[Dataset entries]
※ ※ ※

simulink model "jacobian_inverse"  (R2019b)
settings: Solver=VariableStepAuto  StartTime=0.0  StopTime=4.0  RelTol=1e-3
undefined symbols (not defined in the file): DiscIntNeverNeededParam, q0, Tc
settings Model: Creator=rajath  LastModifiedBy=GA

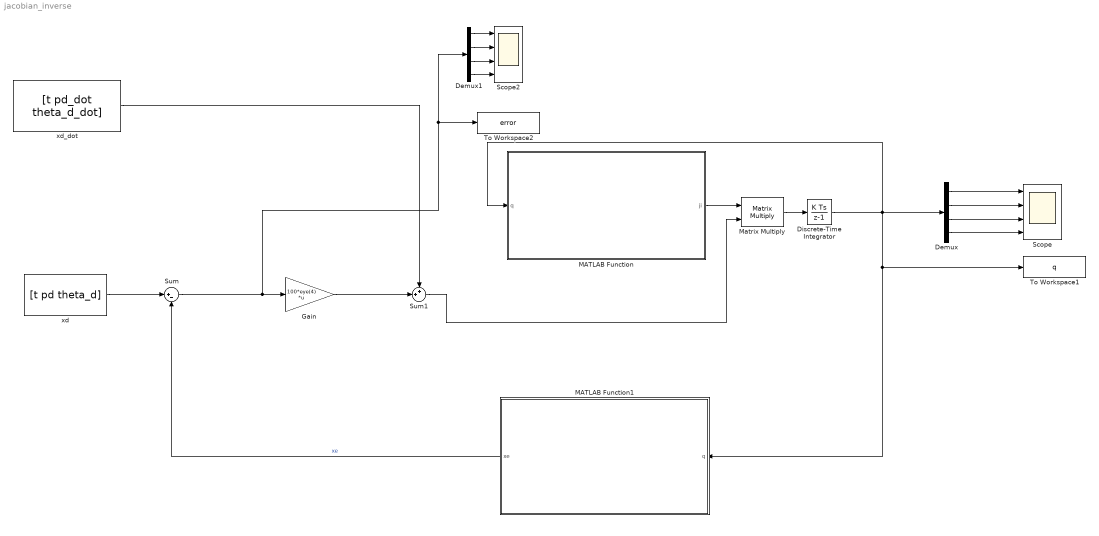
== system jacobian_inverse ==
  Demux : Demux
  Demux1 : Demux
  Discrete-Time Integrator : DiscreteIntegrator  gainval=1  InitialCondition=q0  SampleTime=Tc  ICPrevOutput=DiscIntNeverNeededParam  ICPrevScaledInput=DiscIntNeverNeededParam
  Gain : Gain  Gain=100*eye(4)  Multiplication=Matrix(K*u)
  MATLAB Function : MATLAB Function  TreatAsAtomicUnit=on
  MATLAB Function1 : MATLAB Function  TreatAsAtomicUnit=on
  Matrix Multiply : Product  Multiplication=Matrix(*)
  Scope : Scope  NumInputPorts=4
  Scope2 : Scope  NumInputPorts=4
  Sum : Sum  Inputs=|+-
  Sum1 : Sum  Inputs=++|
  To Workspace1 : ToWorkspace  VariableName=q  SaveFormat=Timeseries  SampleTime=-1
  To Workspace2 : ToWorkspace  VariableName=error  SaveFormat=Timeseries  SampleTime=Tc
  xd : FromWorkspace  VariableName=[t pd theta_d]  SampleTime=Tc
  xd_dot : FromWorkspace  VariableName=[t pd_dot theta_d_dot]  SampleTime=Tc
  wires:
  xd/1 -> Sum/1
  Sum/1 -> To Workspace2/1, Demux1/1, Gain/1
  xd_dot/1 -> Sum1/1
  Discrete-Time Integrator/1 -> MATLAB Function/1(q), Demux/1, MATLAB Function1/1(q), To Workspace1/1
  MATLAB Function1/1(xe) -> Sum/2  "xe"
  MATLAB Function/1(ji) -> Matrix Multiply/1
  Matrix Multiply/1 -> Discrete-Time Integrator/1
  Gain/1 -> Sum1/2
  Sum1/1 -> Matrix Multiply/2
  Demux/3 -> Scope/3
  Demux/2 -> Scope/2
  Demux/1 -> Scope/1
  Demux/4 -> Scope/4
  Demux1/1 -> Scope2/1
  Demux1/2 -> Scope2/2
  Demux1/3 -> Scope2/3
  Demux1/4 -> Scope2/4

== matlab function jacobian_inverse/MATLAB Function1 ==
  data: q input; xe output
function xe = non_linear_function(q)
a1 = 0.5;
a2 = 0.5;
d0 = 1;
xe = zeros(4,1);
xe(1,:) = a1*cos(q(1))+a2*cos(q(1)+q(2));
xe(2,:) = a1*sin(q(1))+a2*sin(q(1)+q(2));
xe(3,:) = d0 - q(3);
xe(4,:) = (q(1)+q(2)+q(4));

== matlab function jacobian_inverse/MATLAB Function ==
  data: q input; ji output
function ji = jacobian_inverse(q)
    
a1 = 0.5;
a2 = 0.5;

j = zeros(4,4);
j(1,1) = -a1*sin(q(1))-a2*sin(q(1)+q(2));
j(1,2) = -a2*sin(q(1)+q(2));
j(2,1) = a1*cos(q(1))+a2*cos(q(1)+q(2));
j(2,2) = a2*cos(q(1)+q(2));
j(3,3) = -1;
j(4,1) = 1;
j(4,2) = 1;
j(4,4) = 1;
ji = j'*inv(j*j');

※ ※ ※

» **Exercise**: Taking the records above, retype every line from the one with "Scope2 : Scope" down to the one with "xe(1,:) = a1*cos(q(1))+a2*cos(q(1)+q(2));", exactly and with nothing else.

» **Response area**:
  Scope2 : Scope  NumInputPorts=4
  Sum : Sum  Inputs=|+-
  Sum1 : Sum  Inputs=++|
  To Workspace1 : ToWorkspace  VariableName=q  SaveFormat=Timeseries  SampleTime=-1
  To Workspace2 : ToWorkspace  VariableName=error  SaveFormat=Timeseries  SampleTime=Tc
  xd : FromWorkspace  VariableName=[t pd theta_d]  SampleTime=Tc
  xd_dot : FromWorkspace  VariableName=[t pd_dot theta_d_dot]  SampleTime=Tc
  wires:
  xd/1 -> Sum/1
  Sum/1 -> To Workspace2/1, Demux1/1, Gain/1
  xd_dot/1 -> Sum1/1
  Discrete-Time Integrator/1 -> MATLAB Function/1(q), Demux/1, MATLAB Function1/1(q), To Workspace1/1
  MATLAB Function1/1(xe) -> Sum/2  "xe"
  MATLAB Function/1(ji) -> Matrix Multiply/1
  Matrix Multiply/1 -> Discrete-Time Integrator/1
  Gain/1 -> Sum1/2
  Sum1/1 -> Matrix Multiply/2
  Demux/3 -> Scope/3
  Demux/2 -> Scope/2
  Demux/1 -> Scope/1
  Demux/4 -> Scope/4
  Demux1/1 -> Scope2/1
  Demux1/2 -> Scope2/2
  Demux1/3 -> Scope2/3
  Demux1/4 -> Scope2/4

== matlab function jacobian_inverse/MATLAB Function1 ==
  data: q input; xe output
function xe = non_linear_function(q)
a1 = 0.5;
a2 = 0.5;
d0 = 1;
xe = zeros(4,1);
xe(1,:) = a1*cos(q(1))+a2*cos(q(1)+q(2));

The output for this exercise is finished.